▶
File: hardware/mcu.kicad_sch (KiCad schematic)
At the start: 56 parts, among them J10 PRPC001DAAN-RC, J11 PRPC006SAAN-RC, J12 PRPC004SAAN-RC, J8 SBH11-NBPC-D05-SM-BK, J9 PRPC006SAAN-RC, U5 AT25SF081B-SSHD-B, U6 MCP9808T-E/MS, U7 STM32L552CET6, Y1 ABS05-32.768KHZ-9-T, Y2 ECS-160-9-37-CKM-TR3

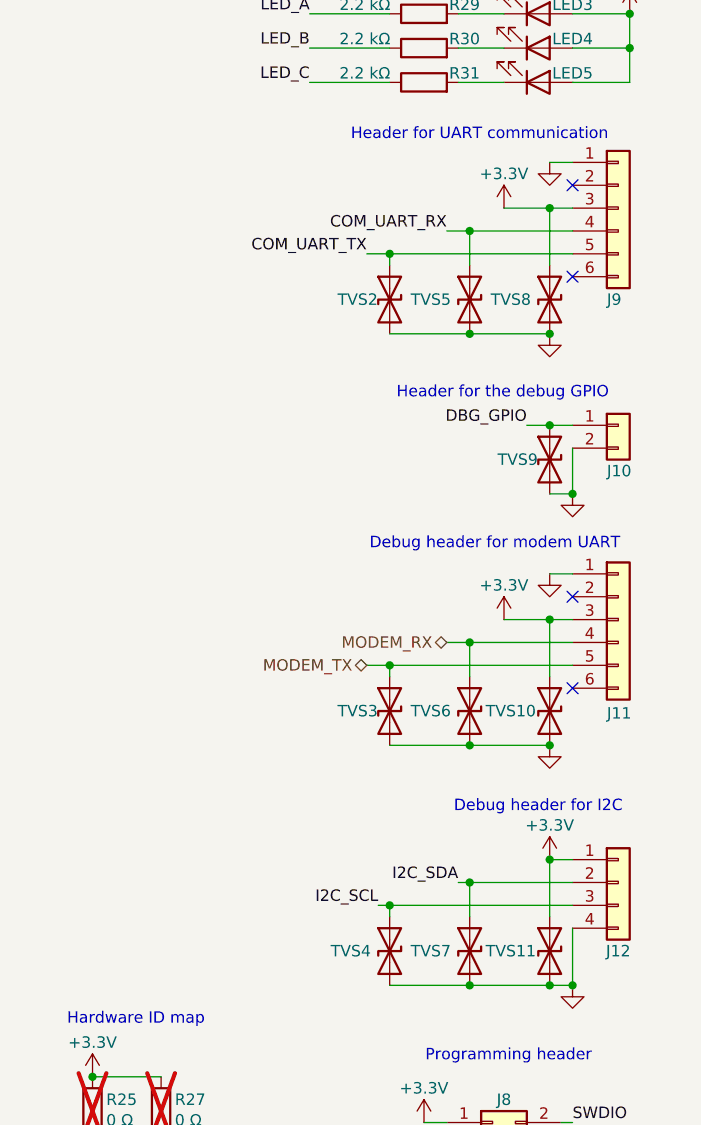
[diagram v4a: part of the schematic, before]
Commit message: HW: Disconnect +3V3 from UART/Modem header
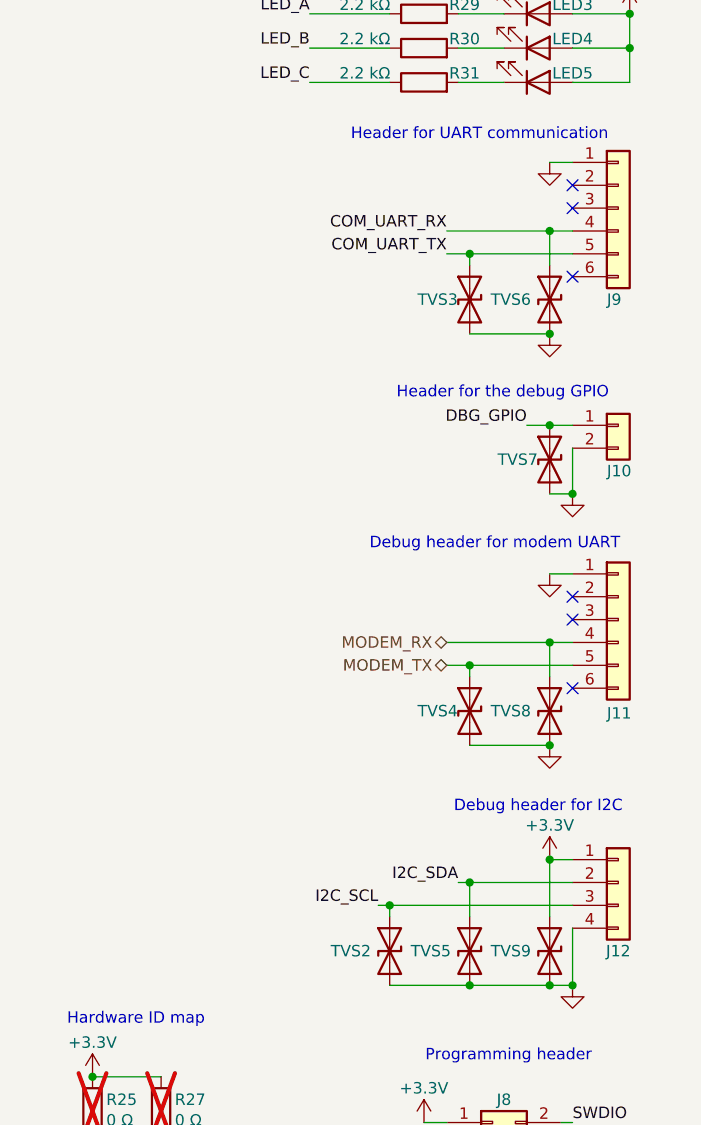
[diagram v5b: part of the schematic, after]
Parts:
- removed TVS10, TVS8: D5V0F1B2WS-7, Diode_SMD:D_SOD-323_HandSoldering, symbol Device:D_TVS
- renumbered TVS4 to TVS2, TVS2 to TVS3, TVS3 to TVS4, TVS7 to TVS5, TVS5 to TVS6, TVS9 to TVS7, TVS6 to TVS8, TVS11 to TVS9
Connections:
- net +3.3V: no longer J11.3 (Pin_3), J9.3 (Pin_3)
- no-connect marks 15 -> 17
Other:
- moved on the sheet: TVS3, TVS4, TVS6, TVS8

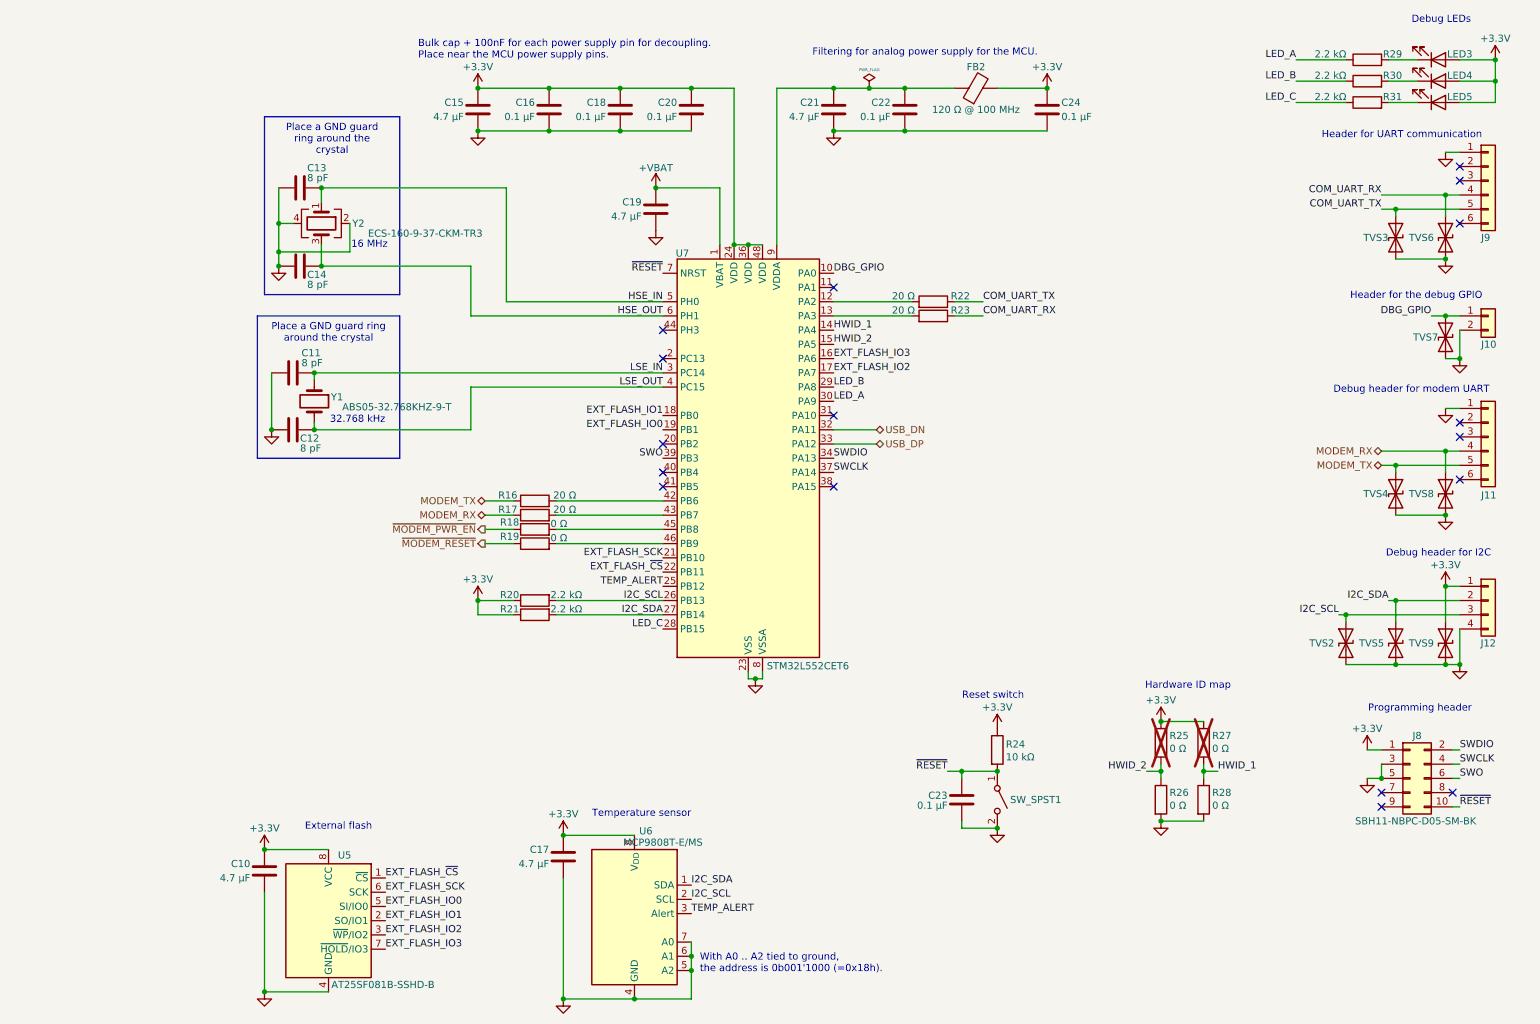
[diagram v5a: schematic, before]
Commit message: HW: Replace buck reg with buck-boost reg
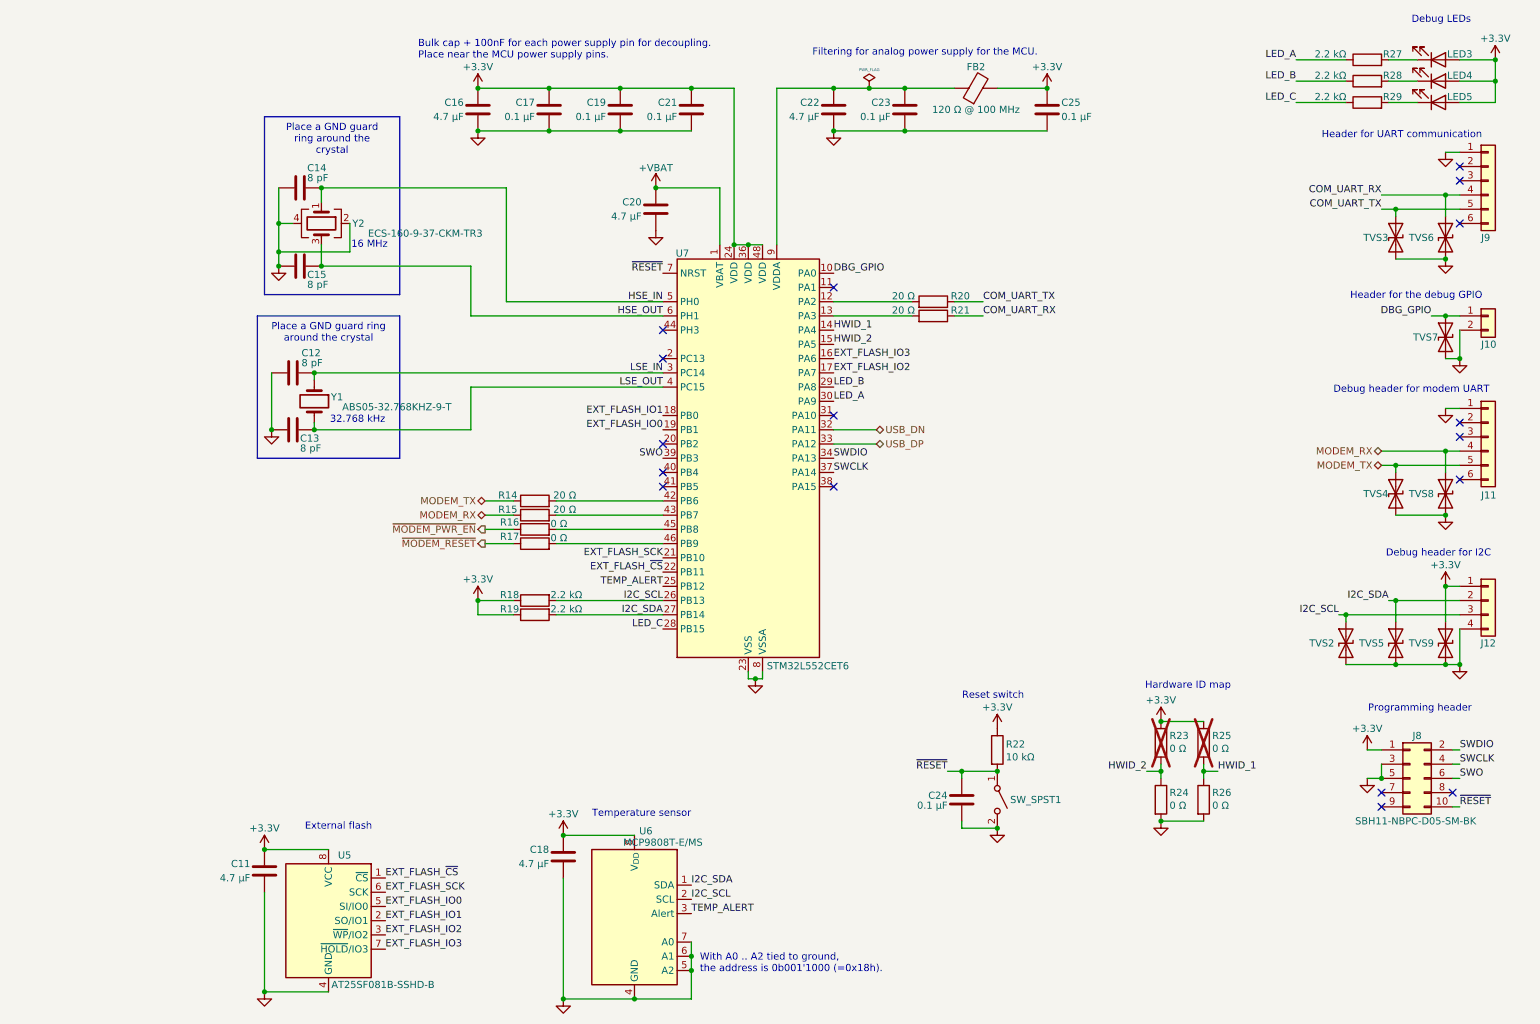
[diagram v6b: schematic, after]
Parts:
- renumbered C10 to C11, C11 to C12, C12 to C13, C13 to C14, C14 to C15, C15 to C16, C16 to C17, C17 to C18, C18 to C19, C19 to C20, C20 to C21, C21 to C22, C22 to C23, C23 to C24, C24 to C25, R16 to R14, R17 to R15, R18 to R16, R19 to R17, R20 to R18, R21 to R19, R22 to R20, R23 to R21, R24 to R22, R25 to R23, R26 to R24, R27 to R25, R28 to R26, R29 to R27, R30 to R28, R31 to R29
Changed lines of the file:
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@@
 		(on_board yes)
 		(dnp yes)
-		(property "Reference" "R25"
+		(property "Reference" "R23"
 			(at 222.504 144.78 0)
 			(effects
@@
 			(project "iida_devkit"
 				(path "/b12a6e25-97fb-4aba-bc96-af8db389bb9a/6dd8d741-3080-458c-a4f5-a05a3905bb8a"
-					(reference "R25")
+					(reference "R23")
 					(unit 1)
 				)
◀
■ WORK ORDER: Make an exact copy of the records above, with the pictures left out.

■ ANSWER TO THIS TASK:
File: hardware/mcu.kicad_sch (KiCad schematic)
At the start: 56 parts, among them J10 PRPC001DAAN-RC, J11 PRPC006SAAN-RC, J12 PRPC004SAAN-RC, J8 SBH11-NBPC-D05-SM-BK, J9 PRPC006SAAN-RC, U5 AT25SF081B-SSHD-B, U6 MCP9808T-E/MS, U7 STM32L552CET6, Y1 ABS05-32.768KHZ-9-T, Y2 ECS-160-9-37-CKM-TR3

[diagram v4a: part of the schematic, before]
Commit message: HW: Disconnect +3V3 from UART/Modem header
[diagram v5b: part of the schematic, after]
Parts:
- removed TVS10, TVS8: D5V0F1B2WS-7, Diode_SMD:D_SOD-323_HandSoldering, symbol Device:D_TVS
- renumbered TVS4 to TVS2, TVS2 to TVS3, TVS3 to TVS4, TVS7 to TVS5, TVS5 to TVS6, TVS9 to TVS7, TVS6 to TVS8, TVS11 to TVS9
Connections:
- net +3.3V: no longer J11.3 (Pin_3), J9.3 (Pin_3)
- no-connect marks 15 -> 17
Other:
- moved on the sheet: TVS3, TVS4, TVS6, TVS8

[diagram v5a: schematic, before]
Commit message: HW: Replace buck reg with buck-boost reg
[diagram v6b: schematic, after]
Parts:
- renumbered C10 to C11, C11 to C12, C12 to C13, C13 to C14, C14 to C15, C15 to C16, C16 to C17, C17 to C18, C18 to C19, C19 to C20, C20 to C21, C21 to C22, C22 to C23, C23 to C24, C24 to C25, R16 to R14, R17 to R15, R18 to R16, R19 to R17, R20 to R18, R21 to R19, R22 to R20, R23 to R21, R24 to R22, R25 to R23, R26 to R24, R27 to R25, R28 to R26, R29 to R27, R30 to R28, R31 to R29
Changed lines of the file:
@@
 		(on_board yes)
 		(dnp yes)
-		(property "Reference" "R25"
+		(property "Reference" "R23"
 			(at 222.504 144.78 0)
 			(effects
@@
 			(project "iida_devkit"
 				(path "/b12a6e25-97fb-4aba-bc96-af8db389bb9a/6dd8d741-3080-458c-a4f5-a05a3905bb8a"
-					(reference "R25")
+					(reference "R23")
 					(unit 1)
 				)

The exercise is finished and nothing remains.